On the 6th of September, the Army, Navy, local Government officials and the villagers had all met to discuss the issue. The Navy official had walked in late to the meeting and asked “who are the people who want to return to this village?’ “We feel the Navy is not happy about us being offered a housing scheme project as they don’t want us to have permanent houses here, particularly in the contentious 10 acre plot of land directly in front of the Navy Camp. The SLN has approx. 1500 acres of our land, but they still want more,” laments another villager. Later that day, the Divisional Secretary came and collected details from the people of Marichikattu. They have also been told that following the local Government elections, a meeting will be held with the relevant Ministers, the Government Agent, the Assistant Government Agent, the Army, Navy, Police and Wild Life Department, to settle this matter once and for all. However, they are yet to be notified of the exact date.
Since their return in 2010, 1200 Muslim families have been registered in the three neighbouring villages of Marichchikattu, Karadikuli and Paalakuli. Of those registered, 300 families have settled in these three villages thus far, with many still shuttling between Puttalam and here. According to some villagers we met, UN-HABITAT has constructed 150 houses, 75 in Karadikuli and 75 in Paalakuli. These houses are all being inhabited now, and there are also two functioning schools in these two villages.
With regards to the displaced Tamils who are also looking to return to Mullikulam, the adjoining village, the Muslim leaders say “we are like brothers and sisters. It’s only that we won’t give our children in marriage to non-Muslims. We wholeheartedly support their struggle to return to their homes, as we remember before 1990, we used to help our neighbouring Tamil brothers to fish, and they would give us free fish in return. Our two communities always maintained good ties with each other, so we are more than happy to struggle together to reclaim our land.”
The Tamil community’s reaction to the incident
“We feel for our Muslim neighbours, but they have at least been permitted to return to their own lands, we are still waiting. And as we have faced a lot of difficulty to come this far, we can’t afford to risk it all by taking sides at the moment. So we’d rather not say anything further on the issue,” said a Tamil villager from the Malankaadu temporary resettlement camp.

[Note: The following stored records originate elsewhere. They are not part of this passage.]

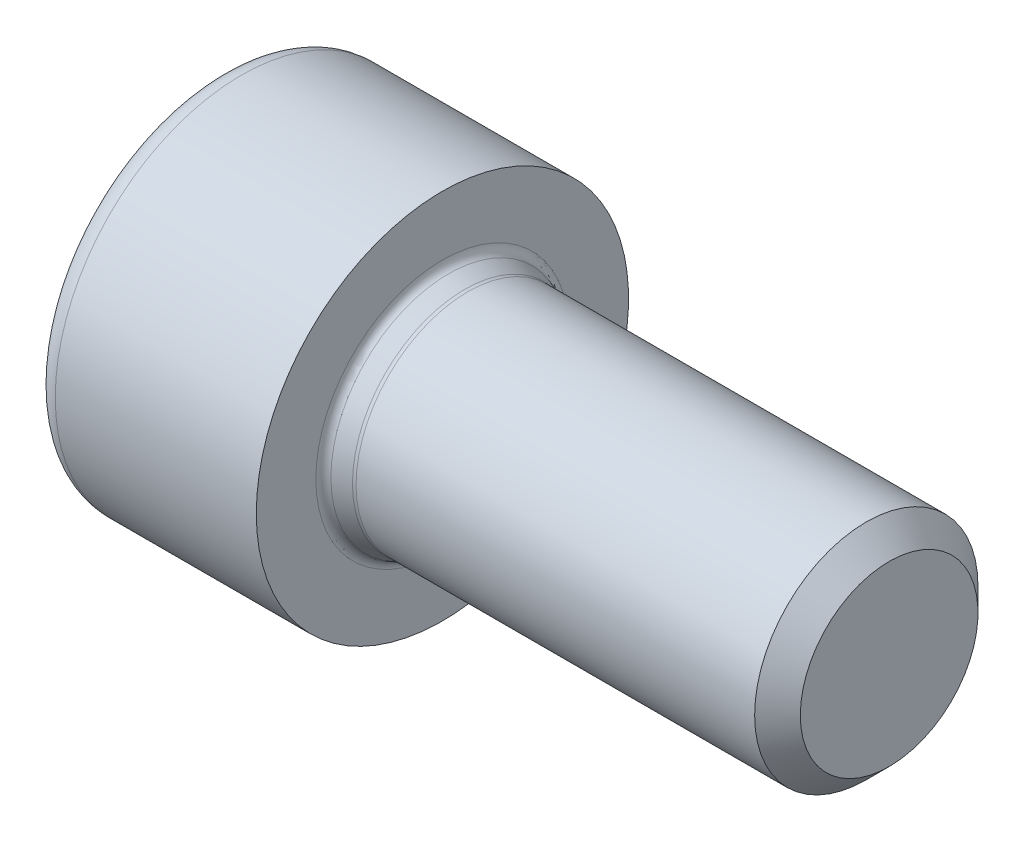
ISO-10303-21;
HEADER;
FILE_DESCRIPTION(('STEP AP214'),'2;1');
FILE_NAME('part.step','',(''),(''),'','','');
FILE_SCHEMA(('AUTOMOTIVE_DESIGN { 1 0 10303 214 1 1 1 1 }'));
ENDSEC;
DATA;
#1=APPLICATION_CONTEXT('core data for automotive mechanical design processes');
#2=APPLICATION_PROTOCOL_DEFINITION('international standard','automotive_design',2000,#1);
#3=PRODUCT_CONTEXT('',#1,'mechanical');
#4=PRODUCT('Part','Part','',(#3));
#5=PRODUCT_RELATED_PRODUCT_CATEGORY('part','',(#4));
#6=PRODUCT_DEFINITION_FORMATION('','',#4);
#7=PRODUCT_DEFINITION_CONTEXT('part definition',#1,'design');
#8=PRODUCT_DEFINITION('design','',#6,#7);
#9=PRODUCT_DEFINITION_SHAPE('','',#8);
#10=(LENGTH_UNIT() NAMED_UNIT(*) SI_UNIT(.MILLI.,.METRE.));
#11=(NAMED_UNIT(*) PLANE_ANGLE_UNIT() SI_UNIT($,.RADIAN.));
#12=(NAMED_UNIT(*) SI_UNIT($,.STERADIAN.) SOLID_ANGLE_UNIT());
#13=UNCERTAINTY_MEASURE_WITH_UNIT(LENGTH_MEASURE(1.E-05),#10,'distance_accuracy_value','');
#14=(GEOMETRIC_REPRESENTATION_CONTEXT(3) GLOBAL_UNCERTAINTY_ASSIGNED_CONTEXT((#13)) GLOBAL_UNIT_ASSIGNED_CONTEXT((#10,
#11,#12)) REPRESENTATION_CONTEXT('',''));
#15=CARTESIAN_POINT('',(0.,0.,0.));
#16=DIRECTION('',(0.,0.,1.));
#17=DIRECTION('',(1.,0.,0.));
#18=AXIS2_PLACEMENT_3D('',#15,#16,#17);
#19=CARTESIAN_POINT('',(-6.,2.5,0.));
#20=DIRECTION('',(1.,0.,0.));
#21=DIRECTION('',(0.,0.,-1.));
#22=AXIS2_PLACEMENT_3D('',#19,#20,#21);
#23=PLANE('',#22);
#24=DIRECTION('',(0.,0.5,-0.866025403784439));
#25=VECTOR('',#24,1.);
#26=CARTESIAN_POINT('',(-6.,-1.5400635094611,-2.33253175473055));
#27=LINE('',#26,#25);
#28=CARTESIAN_POINT('',(-6.,-2.88675134594813,0.));
#29=VERTEX_POINT('',#28);
#30=CARTESIAN_POINT('',(-6.,-1.44337567297406,-2.5));
#31=VERTEX_POINT('',#30);
#32=EDGE_CURVE('E250',#29,#31,#27,.T.);
#33=ORIENTED_EDGE('',*,*,#32,.T.);
#34=DIRECTION('',(0.,1.,0.));
#35=VECTOR('',#34,1.);
#36=CARTESIAN_POINT('',(-6.,2.5,-2.5));
#37=LINE('',#36,#35);
#38=CARTESIAN_POINT('',(-6.,1.44337567297406,-2.5));
#39=VERTEX_POINT('',#38);
#40=EDGE_CURVE('E52',#31,#39,#37,.T.);
#41=ORIENTED_EDGE('',*,*,#40,.T.);
#42=DIRECTION('',(0.,0.5,0.866025403784439));
#43=VECTOR('',#42,1.);
#44=CARTESIAN_POINT('',(-6.,2.7900635094611,-0.167468245269452));
#45=LINE('',#44,#43);
#46=CARTESIAN_POINT('',(-6.,2.88675134594813,0.));
#47=VERTEX_POINT('',#46);
#48=EDGE_CURVE('E100',#39,#47,#45,.T.);
#49=ORIENTED_EDGE('',*,*,#48,.T.);
#50=DIRECTION('',(0.,-0.5,0.866025403784439));
#51=VECTOR('',#50,1.);
#52=CARTESIAN_POINT('',(-6.,2.7900635094611,0.167468245269452));
#53=LINE('',#52,#51);
#54=CARTESIAN_POINT('',(-6.,1.44337567297406,2.5));
#55=VERTEX_POINT('',#54);
#56=EDGE_CURVE('E249',#47,#55,#53,.T.);
#57=ORIENTED_EDGE('',*,*,#56,.T.);
#58=DIRECTION('',(0.,-1.,0.));
#59=VECTOR('',#58,1.);
#60=CARTESIAN_POINT('',(-6.,2.5,2.5));
#61=LINE('',#60,#59);
#62=CARTESIAN_POINT('',(-6.,-1.44337567297406,2.5));
#63=VERTEX_POINT('',#62);
#64=EDGE_CURVE('E182',#55,#63,#61,.T.);
#65=ORIENTED_EDGE('',*,*,#64,.T.);
#66=DIRECTION('',(0.,-0.5,-0.866025403784439));
#67=VECTOR('',#66,1.);
#68=CARTESIAN_POINT('',(-6.,-1.5400635094611,2.33253175473055));
#69=LINE('',#68,#67);
#70=EDGE_CURVE('E241',#63,#29,#69,.T.);
#71=ORIENTED_EDGE('',*,*,#70,.T.);
#72=EDGE_LOOP('',(#33,#41,#49,#57,#65,#71));
#73=FACE_BOUND('',#72,.T.);
#74=CARTESIAN_POINT('',(-6.,0.,0.));
#75=DIRECTION('',(-1.,0.,0.));
#76=DIRECTION('',(0.,0.,1.));
#77=AXIS2_PLACEMENT_3D('',#74,#75,#76);
#78=CIRCLE('',#77,4.40000000000001);
#79=CARTESIAN_POINT('',(-6.,0.,4.40000000000001));
#80=VERTEX_POINT('',#79);
#81=EDGE_CURVE('E240',#80,#80,#78,.T.);
#82=ORIENTED_EDGE('',*,*,#81,.T.);
#83=EDGE_LOOP('',(#82));
#84=FACE_BOUND('',#83,.T.);
#85=ADVANCED_FACE('F90',(#73,#84),#23,.F.);
#86=CARTESIAN_POINT('',(-5.40000000000001,0.,0.));
#87=DIRECTION('',(-1.,0.,0.));
#88=DIRECTION('',(0.,0.,1.));
#89=AXIS2_PLACEMENT_3D('',#86,#87,#88);
#90=TOROIDAL_SURFACE('',#89,4.40000000000001,0.599999999999989);
#91=ORIENTED_EDGE('',*,*,#81,.F.);
#92=EDGE_LOOP('',(#91));
#93=FACE_BOUND('',#92,.T.);
#94=CARTESIAN_POINT('',(-5.4,0.,0.));
#95=DIRECTION('',(-1.,0.,0.));
#96=DIRECTION('',(0.,0.,1.));
#97=AXIS2_PLACEMENT_3D('',#94,#95,#96);
#98=CIRCLE('',#97,5.);
#99=CARTESIAN_POINT('',(-5.4,0.,5.));
#100=VERTEX_POINT('',#99);
#101=EDGE_CURVE('E233',#100,#100,#98,.T.);
#102=ORIENTED_EDGE('',*,*,#101,.T.);
#103=EDGE_LOOP('',(#102));
#104=FACE_BOUND('',#103,.T.);
#105=ADVANCED_FACE('F302',(#93,#104),#90,.T.);
#106=CARTESIAN_POINT('',(12.,0.,0.));
#107=DIRECTION('',(-1.,0.,0.));
#108=DIRECTION('',(0.,0.,1.));
#109=AXIS2_PLACEMENT_3D('',#106,#107,#108);
#110=CYLINDRICAL_SURFACE('',#109,5.);
#111=ORIENTED_EDGE('',*,*,#101,.F.);
#112=EDGE_LOOP('',(#111));
#113=FACE_BOUND('',#112,.T.);
#114=CARTESIAN_POINT('',(0.,0.,0.));
#115=DIRECTION('',(-1.,0.,0.));
#116=DIRECTION('',(0.,0.,1.));
#117=AXIS2_PLACEMENT_3D('',#114,#115,#116);
#118=CIRCLE('',#117,5.);
#119=CARTESIAN_POINT('',(0.,0.,5.));
#120=VERTEX_POINT('',#119);
#121=EDGE_CURVE('E234',#120,#120,#118,.T.);
#122=ORIENTED_EDGE('',*,*,#121,.T.);
#123=EDGE_LOOP('',(#122));
#124=FACE_BOUND('',#123,.T.);
#125=ADVANCED_FACE('F313',(#113,#124),#110,.T.);
#126=CARTESIAN_POINT('',(0.,5.,0.));
#127=DIRECTION('',(-1.,0.,0.));
#128=DIRECTION('',(0.,0.,1.));
#129=AXIS2_PLACEMENT_3D('',#126,#127,#128);
#130=PLANE('',#129);
#131=ORIENTED_EDGE('',*,*,#121,.F.);
#132=EDGE_LOOP('',(#131));
#133=FACE_BOUND('',#132,.T.);
#134=CARTESIAN_POINT('',(0.,0.,0.));
#135=DIRECTION('',(-1.,0.,0.));
#136=DIRECTION('',(0.,0.,1.));
#137=AXIS2_PLACEMENT_3D('',#134,#135,#136);
#138=CIRCLE('',#137,3.4);
#139=CARTESIAN_POINT('',(0.,0.,3.4));
#140=VERTEX_POINT('',#139);
#141=EDGE_CURVE('E229',#140,#140,#138,.T.);
#142=ORIENTED_EDGE('',*,*,#141,.T.);
#143=EDGE_LOOP('',(#142));
#144=FACE_BOUND('',#143,.T.);
#145=ADVANCED_FACE('F320',(#133,#144),#130,.F.);
#146=CARTESIAN_POINT('',(0.25,0.,0.));
#147=DIRECTION('',(-1.,0.,0.));
#148=DIRECTION('',(0.,0.,1.));
#149=AXIS2_PLACEMENT_3D('',#146,#147,#148);
#150=TOROIDAL_SURFACE('',#149,3.4,0.25);
#151=ORIENTED_EDGE('',*,*,#141,.F.);
#152=EDGE_LOOP('',(#151));
#153=FACE_BOUND('',#152,.T.);
#154=CARTESIAN_POINT('',(0.167656960920427,0.,0.));
#155=DIRECTION('',(-1.,0.,0.));
#156=DIRECTION('',(0.,0.,1.));
#157=AXIS2_PLACEMENT_3D('',#154,#155,#156);
#158=CIRCLE('',#157,3.16394995463856);
#159=CARTESIAN_POINT('',(0.167656960920427,0.,3.16394995463856));
#160=VERTEX_POINT('',#159);
#161=EDGE_CURVE('E223',#160,#160,#158,.T.);
#162=ORIENTED_EDGE('',*,*,#161,.T.);
#163=EDGE_LOOP('',(#162));
#164=FACE_BOUND('',#163,.T.);
#165=ADVANCED_FACE('F319',(#153,#164),#150,.F.);
#166=CARTESIAN_POINT('',(0.597656960920427,0.,0.));
#167=DIRECTION('',(-1.,0.,0.));
#168=DIRECTION('',(0.,0.,1.));
#169=AXIS2_PLACEMENT_3D('',#166,#167,#168);
#170=CONICAL_SURFACE('',#169,3.01394995463856,0.335638550327609);
#171=ORIENTED_EDGE('',*,*,#161,.F.);
#172=EDGE_LOOP('',(#171));
#173=FACE_BOUND('',#172,.T.);
#174=CARTESIAN_POINT('',(0.597656960920427,0.,0.));
#175=DIRECTION('',(-1.,0.,0.));
#176=DIRECTION('',(0.,0.,1.));
#177=AXIS2_PLACEMENT_3D('',#174,#175,#176);
#178=CIRCLE('',#177,3.01394995463856);
#179=CARTESIAN_POINT('',(0.597656960920427,0.,3.01394995463856));
#180=VERTEX_POINT('',#179);
#181=EDGE_CURVE('E225',#180,#180,#178,.T.);
#182=ORIENTED_EDGE('',*,*,#181,.T.);
#183=EDGE_LOOP('',(#182));
#184=FACE_BOUND('',#183,.T.);
#185=ADVANCED_FACE('F322',(#173,#184),#170,.T.);
#186=CARTESIAN_POINT('',(0.680000000000007,0.,0.));
#187=DIRECTION('',(-1.,0.,0.));
#188=DIRECTION('',(0.,0.,1.));
#189=AXIS2_PLACEMENT_3D('',#186,#187,#188);
#190=TOROIDAL_SURFACE('',#189,3.25000000000004,0.250000000000041);
#191=ORIENTED_EDGE('',*,*,#181,.F.);
#192=EDGE_LOOP('',(#191));
#193=FACE_BOUND('',#192,.T.);
#194=CARTESIAN_POINT('',(0.68,0.,0.));
#195=DIRECTION('',(-1.,0.,0.));
#196=DIRECTION('',(0.,0.,1.));
#197=AXIS2_PLACEMENT_3D('',#194,#195,#196);
#198=CIRCLE('',#197,3.);
#199=CARTESIAN_POINT('',(0.68,0.,3.));
#200=VERTEX_POINT('',#199);
#201=EDGE_CURVE('E218',#200,#200,#198,.T.);
#202=ORIENTED_EDGE('',*,*,#201,.T.);
#203=EDGE_LOOP('',(#202));
#204=FACE_BOUND('',#203,.T.);
#205=ADVANCED_FACE('F327',(#193,#204),#190,.F.);
#206=CARTESIAN_POINT('',(12.,0.,0.));
#207=DIRECTION('',(-1.,0.,0.));
#208=DIRECTION('',(0.,0.,1.));
#209=AXIS2_PLACEMENT_3D('',#206,#207,#208);
#210=CYLINDRICAL_SURFACE('',#209,3.);
#211=ORIENTED_EDGE('',*,*,#201,.F.);
#212=EDGE_LOOP('',(#211));
#213=FACE_BOUND('',#212,.T.);
#214=CARTESIAN_POINT('',(11.3865,0.,0.));
#215=DIRECTION('',(-1.,0.,0.));
#216=DIRECTION('',(0.,0.,1.));
#217=AXIS2_PLACEMENT_3D('',#214,#215,#216);
#218=CIRCLE('',#217,3.);
#219=CARTESIAN_POINT('',(11.3865,0.,3.));
#220=VERTEX_POINT('',#219);
#221=EDGE_CURVE('E216',#220,#220,#218,.T.);
#222=ORIENTED_EDGE('',*,*,#221,.T.);
#223=EDGE_LOOP('',(#222));
#224=FACE_BOUND('',#223,.T.);
#225=ADVANCED_FACE('F332',(#213,#224),#210,.T.);
#226=CARTESIAN_POINT('',(12.,0.,0.));
#227=DIRECTION('',(-1.,0.,0.));
#228=DIRECTION('',(0.,0.,1.));
#229=AXIS2_PLACEMENT_3D('',#226,#227,#228);
#230=CONICAL_SURFACE('',#229,2.3865,0.785398163397449);
#231=ORIENTED_EDGE('',*,*,#221,.F.);
#232=EDGE_LOOP('',(#231));
#233=FACE_BOUND('',#232,.T.);
#234=CARTESIAN_POINT('',(12.,0.,0.));
#235=DIRECTION('',(-1.,0.,0.));
#236=DIRECTION('',(0.,0.,1.));
#237=AXIS2_PLACEMENT_3D('',#234,#235,#236);
#238=CIRCLE('',#237,2.3865);
#239=CARTESIAN_POINT('',(12.,0.,2.3865));
#240=VERTEX_POINT('',#239);
#241=EDGE_CURVE('E206',#240,#240,#238,.T.);
#242=ORIENTED_EDGE('',*,*,#241,.T.);
#243=EDGE_LOOP('',(#242));
#244=FACE_BOUND('',#243,.T.);
#245=ADVANCED_FACE('F299',(#233,#244),#230,.T.);
#246=CARTESIAN_POINT('',(12.,2.3865,0.));
#247=DIRECTION('',(-1.,0.,0.));
#248=DIRECTION('',(0.,0.,1.));
#249=AXIS2_PLACEMENT_3D('',#246,#247,#248);
#250=PLANE('',#249);
#251=ORIENTED_EDGE('',*,*,#241,.F.);
#252=EDGE_LOOP('',(#251));
#253=FACE_BOUND('',#252,.T.);
#254=ADVANCED_FACE('F295',(#253),#250,.F.);
#255=CARTESIAN_POINT('',(-2.3,0.,0.));
#256=DIRECTION('',(1.,0.,0.));
#257=DIRECTION('',(0.,0.,-1.));
#258=AXIS2_PLACEMENT_3D('',#255,#256,#257);
#259=PLANE('',#258);
#260=DIRECTION('',(0.,1.,0.));
#261=VECTOR('',#260,1.);
#262=CARTESIAN_POINT('',(-2.3,-1.44337567297406,-2.5));
#263=LINE('',#262,#261);
#264=CARTESIAN_POINT('',(-2.3,-1.44337567297406,-2.5));
#265=VERTEX_POINT('',#264);
#266=CARTESIAN_POINT('',(-2.3,0.,-2.5));
#267=VERTEX_POINT('',#266);
#268=EDGE_CURVE('E102',#265,#267,#263,.T.);
#269=ORIENTED_EDGE('',*,*,#268,.F.);
#270=DIRECTION('',(0.,0.5,-0.866025403784439));
#271=VECTOR('',#270,1.);
#272=CARTESIAN_POINT('',(-2.3,-2.88675134594813,0.));
#273=LINE('',#272,#271);
#274=CARTESIAN_POINT('',(-2.3,-2.1650635094611,-1.25));
#275=VERTEX_POINT('',#274);
#276=EDGE_CURVE('E192',#275,#265,#273,.T.);
#277=ORIENTED_EDGE('',*,*,#276,.F.);
#278=CARTESIAN_POINT('',(-2.3,0.,0.));
#279=DIRECTION('',(-1.,0.,0.));
#280=DIRECTION('',(0.,0.,1.));
#281=AXIS2_PLACEMENT_3D('',#278,#279,#280);
#282=CIRCLE('',#281,2.5);
#283=EDGE_CURVE('E269',#267,#275,#282,.T.);
#284=ORIENTED_EDGE('',*,*,#283,.F.);
#285=EDGE_LOOP('',(#269,#277,#284));
#286=FACE_BOUND('',#285,.T.);
#287=ADVANCED_FACE('F287',(#286),#259,.F.);
#288=CARTESIAN_POINT('',(-2.3,-2.88675134594813,0.));
#289=VERTEX_POINT('',#288);
#290=EDGE_CURVE('E198',#289,#275,#273,.T.);
#291=ORIENTED_EDGE('',*,*,#290,.F.);
#292=DIRECTION('',(0.,-0.5,-0.866025403784439));
#293=VECTOR('',#292,1.);
#294=CARTESIAN_POINT('',(-2.3,-1.44337567297406,2.5));
#295=LINE('',#294,#293);
#296=CARTESIAN_POINT('',(-2.3,-2.1650635094611,1.25));
#297=VERTEX_POINT('',#296);
#298=EDGE_CURVE('E190',#297,#289,#295,.T.);
#299=ORIENTED_EDGE('',*,*,#298,.F.);
#300=EDGE_CURVE('E271',#275,#297,#282,.T.);
#301=ORIENTED_EDGE('',*,*,#300,.F.);
#302=EDGE_LOOP('',(#291,#299,#301));
#303=FACE_BOUND('',#302,.T.);
#304=ADVANCED_FACE('F276',(#303),#259,.F.);
#305=CARTESIAN_POINT('',(-2.3,-1.44337567297406,2.5));
#306=VERTEX_POINT('',#305);
#307=EDGE_CURVE('E194',#306,#297,#295,.T.);
#308=ORIENTED_EDGE('',*,*,#307,.F.);
#309=DIRECTION('',(0.,-1.,0.));
#310=VECTOR('',#309,1.);
#311=CARTESIAN_POINT('',(-2.3,1.44337567297406,2.5));
#312=LINE('',#311,#310);
#313=CARTESIAN_POINT('',(-2.3,0.,2.5));
#314=VERTEX_POINT('',#313);
#315=EDGE_CURVE('E189',#314,#306,#312,.T.);
#316=ORIENTED_EDGE('',*,*,#315,.F.);
#317=EDGE_CURVE('E238',#297,#314,#282,.T.);
#318=ORIENTED_EDGE('',*,*,#317,.F.);
#319=EDGE_LOOP('',(#308,#316,#318));
#320=FACE_BOUND('',#319,.T.);
#321=ADVANCED_FACE('F277',(#320),#259,.F.);
#322=CARTESIAN_POINT('',(-2.3,1.44337567297406,2.5));
#323=VERTEX_POINT('',#322);
#324=EDGE_CURVE('E180',#323,#314,#312,.T.);
#325=ORIENTED_EDGE('',*,*,#324,.F.);
#326=DIRECTION('',(0.,-0.5,0.866025403784439));
#327=VECTOR('',#326,1.);
#328=CARTESIAN_POINT('',(-2.3,2.88675134594813,0.));
#329=LINE('',#328,#327);
#330=CARTESIAN_POINT('',(-2.3,2.1650635094611,1.25));
#331=VERTEX_POINT('',#330);
#332=EDGE_CURVE('E164',#331,#323,#329,.T.);
#333=ORIENTED_EDGE('',*,*,#332,.F.);
#334=EDGE_CURVE('E183',#314,#331,#282,.T.);
#335=ORIENTED_EDGE('',*,*,#334,.F.);
#336=EDGE_LOOP('',(#325,#333,#335));
#337=FACE_BOUND('',#336,.T.);
#338=ADVANCED_FACE('F184',(#337),#259,.F.);
#339=CARTESIAN_POINT('',(-2.3,2.88675134594813,0.));
#340=VERTEX_POINT('',#339);
#341=EDGE_CURVE('E172',#340,#331,#329,.T.);
#342=ORIENTED_EDGE('',*,*,#341,.F.);
#343=DIRECTION('',(0.,0.5,0.866025403784439));
#344=VECTOR('',#343,1.);
#345=CARTESIAN_POINT('',(-2.3,1.44337567297406,-2.5));
#346=LINE('',#345,#344);
#347=CARTESIAN_POINT('',(-2.3,2.1650635094611,-1.25));
#348=VERTEX_POINT('',#347);
#349=EDGE_CURVE('E203',#348,#340,#346,.T.);
#350=ORIENTED_EDGE('',*,*,#349,.F.);
#351=EDGE_CURVE('E245',#331,#348,#282,.T.);
#352=ORIENTED_EDGE('',*,*,#351,.F.);
#353=EDGE_LOOP('',(#342,#350,#352));
#354=FACE_BOUND('',#353,.T.);
#355=ADVANCED_FACE('F305',(#354),#259,.F.);
#356=CARTESIAN_POINT('',(-2.3,1.44337567297406,-2.5));
#357=VERTEX_POINT('',#356);
#358=EDGE_CURVE('E185',#357,#348,#346,.T.);
#359=ORIENTED_EDGE('',*,*,#358,.F.);
#360=EDGE_CURVE('E200',#267,#357,#263,.T.);
#361=ORIENTED_EDGE('',*,*,#360,.F.);
#362=EDGE_CURVE('E262',#348,#267,#282,.T.);
#363=ORIENTED_EDGE('',*,*,#362,.F.);
#364=EDGE_LOOP('',(#359,#361,#363));
#365=FACE_BOUND('',#364,.T.);
#366=ADVANCED_FACE('F265',(#365),#259,.F.);
#367=CARTESIAN_POINT('',(-8.3,2.88675134594813,0.));
#368=DIRECTION('',(0.,0.866025403784439,0.5));
#369=DIRECTION('',(0.,-0.5,0.866025403784439));
#370=AXIS2_PLACEMENT_3D('',#367,#368,#369);
#371=PLANE('',#370);
#372=ORIENTED_EDGE('',*,*,#56,.F.);
#373=DIRECTION('',(1.,0.,0.));
#374=VECTOR('',#373,1.);
#375=CARTESIAN_POINT('',(-8.3,2.88675134594813,0.));
#376=LINE('',#375,#374);
#377=EDGE_CURVE('E204',#47,#340,#376,.T.);
#378=ORIENTED_EDGE('',*,*,#377,.T.);
#379=ORIENTED_EDGE('',*,*,#341,.T.);
#380=ORIENTED_EDGE('',*,*,#332,.T.);
#381=DIRECTION('',(1.,0.,0.));
#382=VECTOR('',#381,1.);
#383=CARTESIAN_POINT('',(-8.3,1.44337567297406,2.5));
#384=LINE('',#383,#382);
#385=EDGE_CURVE('E169',#55,#323,#384,.T.);
#386=ORIENTED_EDGE('',*,*,#385,.F.);
#387=EDGE_LOOP('',(#372,#378,#379,#380,#386));
#388=FACE_BOUND('',#387,.T.);
#389=ADVANCED_FACE('F170',(#388),#371,.F.);
#390=CARTESIAN_POINT('',(-8.3,1.44337567297406,-2.5));
#391=DIRECTION('',(0.,0.866025403784439,-0.5));
#392=DIRECTION('',(0.,0.5,0.866025403784439));
#393=AXIS2_PLACEMENT_3D('',#390,#391,#392);
#394=PLANE('',#393);
#395=ORIENTED_EDGE('',*,*,#48,.F.);
#396=DIRECTION('',(1.,0.,0.));
#397=VECTOR('',#396,1.);
#398=CARTESIAN_POINT('',(-8.3,1.44337567297406,-2.5));
#399=LINE('',#398,#397);
#400=EDGE_CURVE('E210',#39,#357,#399,.T.);
#401=ORIENTED_EDGE('',*,*,#400,.T.);
#402=ORIENTED_EDGE('',*,*,#358,.T.);
#403=ORIENTED_EDGE('',*,*,#349,.T.);
#404=ORIENTED_EDGE('',*,*,#377,.F.);
#405=EDGE_LOOP('',(#395,#401,#402,#403,#404));
#406=FACE_BOUND('',#405,.T.);
#407=ADVANCED_FACE('F258',(#406),#394,.F.);
#408=CARTESIAN_POINT('',(-8.3,-1.44337567297406,-2.5));
#409=DIRECTION('',(0.,0.,-1.));
#410=DIRECTION('',(-1.,0.,0.));
#411=AXIS2_PLACEMENT_3D('',#408,#409,#410);
#412=PLANE('',#411);
#413=ORIENTED_EDGE('',*,*,#40,.F.);
#414=DIRECTION('',(1.,0.,0.));
#415=VECTOR('',#414,1.);
#416=CARTESIAN_POINT('',(-8.3,-1.44337567297406,-2.5));
#417=LINE('',#416,#415);
#418=EDGE_CURVE('E207',#31,#265,#417,.T.);
#419=ORIENTED_EDGE('',*,*,#418,.T.);
#420=ORIENTED_EDGE('',*,*,#268,.T.);
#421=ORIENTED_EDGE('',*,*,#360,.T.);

On the 3rd of September when they were awaiting the Navy water bowser which was later than usual to make their daily delivery to the camp, the camp Coordinator had called the Navy to find out the cause for the delay. The Navy had told them that some Muslim people houses had been set on fire in Maruchchikattu, and that their delivery of water would be delayed. It was only then that they had found out that there were troubles in the neighbouring Muslim village. When the Coordinator called the Navy again later that day, he had said that they were wearing helmets as they were being pelted with stones and therefore, the delivery would have to get delayed further. It was only at around 6pm that day that the Navy had arrived at the Camp, with Police escort, to deliver their water.
Clarifying this with the Marichchikattu Muslim community though, they said that nobody had thrown any rocks at the Navy.